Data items

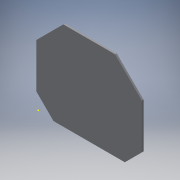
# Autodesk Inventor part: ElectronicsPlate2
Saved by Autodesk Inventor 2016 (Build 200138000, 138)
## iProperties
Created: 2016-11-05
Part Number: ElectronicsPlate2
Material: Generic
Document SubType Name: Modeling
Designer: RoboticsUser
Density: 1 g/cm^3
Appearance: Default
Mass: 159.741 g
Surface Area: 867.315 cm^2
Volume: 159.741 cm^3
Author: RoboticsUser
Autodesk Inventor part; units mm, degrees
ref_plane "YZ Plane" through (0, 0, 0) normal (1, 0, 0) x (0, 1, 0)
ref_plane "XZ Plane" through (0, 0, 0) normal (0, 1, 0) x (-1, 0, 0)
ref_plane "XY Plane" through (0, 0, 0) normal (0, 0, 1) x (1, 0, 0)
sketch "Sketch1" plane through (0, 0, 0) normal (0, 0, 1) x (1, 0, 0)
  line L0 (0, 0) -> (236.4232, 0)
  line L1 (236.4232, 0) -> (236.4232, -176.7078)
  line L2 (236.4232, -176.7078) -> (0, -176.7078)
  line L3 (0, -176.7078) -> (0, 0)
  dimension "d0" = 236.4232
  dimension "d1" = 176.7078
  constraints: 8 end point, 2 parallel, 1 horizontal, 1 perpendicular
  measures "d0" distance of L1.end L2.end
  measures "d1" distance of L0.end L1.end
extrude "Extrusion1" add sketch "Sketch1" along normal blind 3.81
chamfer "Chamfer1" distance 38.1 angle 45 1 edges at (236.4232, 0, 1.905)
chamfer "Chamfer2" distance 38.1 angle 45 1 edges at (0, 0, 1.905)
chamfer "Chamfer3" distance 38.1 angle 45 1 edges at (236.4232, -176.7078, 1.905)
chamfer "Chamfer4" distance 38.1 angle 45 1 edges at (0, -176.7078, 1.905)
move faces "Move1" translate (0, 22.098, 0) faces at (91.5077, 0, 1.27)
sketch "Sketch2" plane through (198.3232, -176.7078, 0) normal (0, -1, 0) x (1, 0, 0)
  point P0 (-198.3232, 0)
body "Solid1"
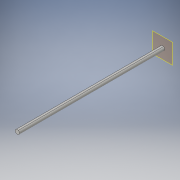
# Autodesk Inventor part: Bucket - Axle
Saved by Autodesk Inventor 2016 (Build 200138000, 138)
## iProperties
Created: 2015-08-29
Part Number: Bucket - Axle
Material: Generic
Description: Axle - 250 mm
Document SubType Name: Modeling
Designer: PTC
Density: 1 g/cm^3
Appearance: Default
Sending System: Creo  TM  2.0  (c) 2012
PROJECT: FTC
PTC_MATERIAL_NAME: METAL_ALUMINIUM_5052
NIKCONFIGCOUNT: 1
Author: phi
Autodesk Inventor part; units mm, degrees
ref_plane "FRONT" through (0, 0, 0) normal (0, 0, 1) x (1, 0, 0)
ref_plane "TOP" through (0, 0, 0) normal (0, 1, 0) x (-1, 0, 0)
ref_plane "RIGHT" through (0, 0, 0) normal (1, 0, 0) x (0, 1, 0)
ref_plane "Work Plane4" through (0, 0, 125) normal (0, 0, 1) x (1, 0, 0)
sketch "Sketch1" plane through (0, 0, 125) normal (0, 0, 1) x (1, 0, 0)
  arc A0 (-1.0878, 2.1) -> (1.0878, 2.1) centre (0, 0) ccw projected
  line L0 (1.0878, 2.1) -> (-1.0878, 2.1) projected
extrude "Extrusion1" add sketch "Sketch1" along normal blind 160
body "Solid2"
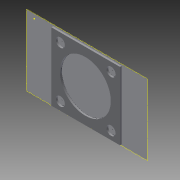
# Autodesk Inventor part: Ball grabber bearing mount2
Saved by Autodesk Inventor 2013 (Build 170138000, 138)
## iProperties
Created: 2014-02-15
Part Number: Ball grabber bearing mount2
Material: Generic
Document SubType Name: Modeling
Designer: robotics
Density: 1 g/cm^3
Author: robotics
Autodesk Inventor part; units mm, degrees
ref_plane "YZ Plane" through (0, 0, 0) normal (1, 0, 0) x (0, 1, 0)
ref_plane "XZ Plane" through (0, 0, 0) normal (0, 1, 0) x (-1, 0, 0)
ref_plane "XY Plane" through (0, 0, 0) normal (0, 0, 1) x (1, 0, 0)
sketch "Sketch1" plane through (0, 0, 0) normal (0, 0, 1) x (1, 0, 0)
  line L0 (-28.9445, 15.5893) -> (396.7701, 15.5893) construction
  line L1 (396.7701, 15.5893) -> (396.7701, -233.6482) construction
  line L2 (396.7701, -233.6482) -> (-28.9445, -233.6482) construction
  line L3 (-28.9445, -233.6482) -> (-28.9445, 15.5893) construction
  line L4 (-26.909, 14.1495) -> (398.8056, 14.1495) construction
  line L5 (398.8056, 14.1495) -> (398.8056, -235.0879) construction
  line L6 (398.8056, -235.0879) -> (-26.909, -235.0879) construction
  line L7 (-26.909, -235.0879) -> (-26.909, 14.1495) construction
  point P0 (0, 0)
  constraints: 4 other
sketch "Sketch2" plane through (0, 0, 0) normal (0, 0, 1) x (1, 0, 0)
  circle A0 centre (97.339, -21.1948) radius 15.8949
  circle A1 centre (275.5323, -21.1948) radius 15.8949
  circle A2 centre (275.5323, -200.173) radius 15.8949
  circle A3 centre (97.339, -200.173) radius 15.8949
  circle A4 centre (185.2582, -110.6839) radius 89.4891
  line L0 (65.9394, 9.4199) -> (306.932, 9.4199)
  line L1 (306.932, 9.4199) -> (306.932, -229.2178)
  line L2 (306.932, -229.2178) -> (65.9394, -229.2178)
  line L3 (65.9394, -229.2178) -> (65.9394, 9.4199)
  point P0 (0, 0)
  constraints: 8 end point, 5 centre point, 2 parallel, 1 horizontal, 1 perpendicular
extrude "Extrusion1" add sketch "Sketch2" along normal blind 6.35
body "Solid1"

Task description
Copy all records exactly, no images.

Answer
# Autodesk Inventor part: ElectronicsPlate2
Saved by Autodesk Inventor 2016 (Build 200138000, 138)
## iProperties
Created: 2016-11-05
Part Number: ElectronicsPlate2
Material: Generic
Document SubType Name: Modeling
Designer: RoboticsUser
Density: 1 g/cm^3
Appearance: Default
Mass: 159.741 g
Surface Area: 867.315 cm^2
Volume: 159.741 cm^3
Author: RoboticsUser
Autodesk Inventor part; units mm, degrees
ref_plane "YZ Plane" through (0, 0, 0) normal (1, 0, 0) x (0, 1, 0)
ref_plane "XZ Plane" through (0, 0, 0) normal (0, 1, 0) x (-1, 0, 0)
ref_plane "XY Plane" through (0, 0, 0) normal (0, 0, 1) x (1, 0, 0)
sketch "Sketch1" plane through (0, 0, 0) normal (0, 0, 1) x (1, 0, 0)
  line L0 (0, 0) -> (236.4232, 0)
  line L1 (236.4232, 0) -> (236.4232, -176.7078)
  line L2 (236.4232, -176.7078) -> (0, -176.7078)
  line L3 (0, -176.7078) -> (0, 0)
  dimension "d0" = 236.4232
  dimension "d1" = 176.7078
  constraints: 8 end point, 2 parallel, 1 horizontal, 1 perpendicular
  measures "d0" distance of L1.end L2.end
  measures "d1" distance of L0.end L1.end
extrude "Extrusion1" add sketch "Sketch1" along normal blind 3.81
chamfer "Chamfer1" distance 38.1 angle 45 1 edges at (236.4232, 0, 1.905)
chamfer "Chamfer2" distance 38.1 angle 45 1 edges at (0, 0, 1.905)
chamfer "Chamfer3" distance 38.1 angle 45 1 edges at (236.4232, -176.7078, 1.905)
chamfer "Chamfer4" distance 38.1 angle 45 1 edges at (0, -176.7078, 1.905)
move faces "Move1" translate (0, 22.098, 0) faces at (91.5077, 0, 1.27)
sketch "Sketch2" plane through (198.3232, -176.7078, 0) normal (0, -1, 0) x (1, 0, 0)
  point P0 (-198.3232, 0)
body "Solid1"
# Autodesk Inventor part: Bucket - Axle
Saved by Autodesk Inventor 2016 (Build 200138000, 138)
## iProperties
Created: 2015-08-29
Part Number: Bucket - Axle
Material: Generic
Description: Axle - 250 mm
Document SubType Name: Modeling
Designer: PTC
Density: 1 g/cm^3
Appearance: Default
Sending System: Creo  TM  2.0  (c) 2012
PROJECT: FTC
PTC_MATERIAL_NAME: METAL_ALUMINIUM_5052
NIKCONFIGCOUNT: 1
Author: phi
Autodesk Inventor part; units mm, degrees
ref_plane "FRONT" through (0, 0, 0) normal (0, 0, 1) x (1, 0, 0)
ref_plane "TOP" through (0, 0, 0) normal (0, 1, 0) x (-1, 0, 0)
ref_plane "RIGHT" through (0, 0, 0) normal (1, 0, 0) x (0, 1, 0)
ref_plane "Work Plane4" through (0, 0, 125) normal (0, 0, 1) x (1, 0, 0)
sketch "Sketch1" plane through (0, 0, 125) normal (0, 0, 1) x (1, 0, 0)
  arc A0 (-1.0878, 2.1) -> (1.0878, 2.1) centre (0, 0) ccw projected
  line L0 (1.0878, 2.1) -> (-1.0878, 2.1) projected
extrude "Extrusion1" add sketch "Sketch1" along normal blind 160
body "Solid2"
# Autodesk Inventor part: Ball grabber bearing mount2
Saved by Autodesk Inventor 2013 (Build 170138000, 138)
## iProperties
Created: 2014-02-15
Part Number: Ball grabber bearing mount2
Material: Generic
Document SubType Name: Modeling
Designer: robotics
Density: 1 g/cm^3
Author: robotics
Autodesk Inventor part; units mm, degrees
ref_plane "YZ Plane" through (0, 0, 0) normal (1, 0, 0) x (0, 1, 0)
ref_plane "XZ Plane" through (0, 0, 0) normal (0, 1, 0) x (-1, 0, 0)
ref_plane "XY Plane" through (0, 0, 0) normal (0, 0, 1) x (1, 0, 0)
sketch "Sketch1" plane through (0, 0, 0) normal (0, 0, 1) x (1, 0, 0)
  line L0 (-28.9445, 15.5893) -> (396.7701, 15.5893) construction
  line L1 (396.7701, 15.5893) -> (396.7701, -233.6482) construction
  line L2 (396.7701, -233.6482) -> (-28.9445, -233.6482) construction
  line L3 (-28.9445, -233.6482) -> (-28.9445, 15.5893) construction
  line L4 (-26.909, 14.1495) -> (398.8056, 14.1495) construction
  line L5 (398.8056, 14.1495) -> (398.8056, -235.0879) construction
  line L6 (398.8056, -235.0879) -> (-26.909, -235.0879) construction
  line L7 (-26.909, -235.0879) -> (-26.909, 14.1495) construction
  point P0 (0, 0)
  constraints: 4 other
sketch "Sketch2" plane through (0, 0, 0) normal (0, 0, 1) x (1, 0, 0)
  circle A0 centre (97.339, -21.1948) radius 15.8949
  circle A1 centre (275.5323, -21.1948) radius 15.8949
  circle A2 centre (275.5323, -200.173) radius 15.8949
  circle A3 centre (97.339, -200.173) radius 15.8949
  circle A4 centre (185.2582, -110.6839) radius 89.4891
  line L0 (65.9394, 9.4199) -> (306.932, 9.4199)
  line L1 (306.932, 9.4199) -> (306.932, -229.2178)
  line L2 (306.932, -229.2178) -> (65.9394, -229.2178)
  line L3 (65.9394, -229.2178) -> (65.9394, 9.4199)
  point P0 (0, 0)
  constraints: 8 end point, 5 centre point, 2 parallel, 1 horizontal, 1 perpendicular
extrude "Extrusion1" add sketch "Sketch2" along normal blind 6.35
body "Solid1"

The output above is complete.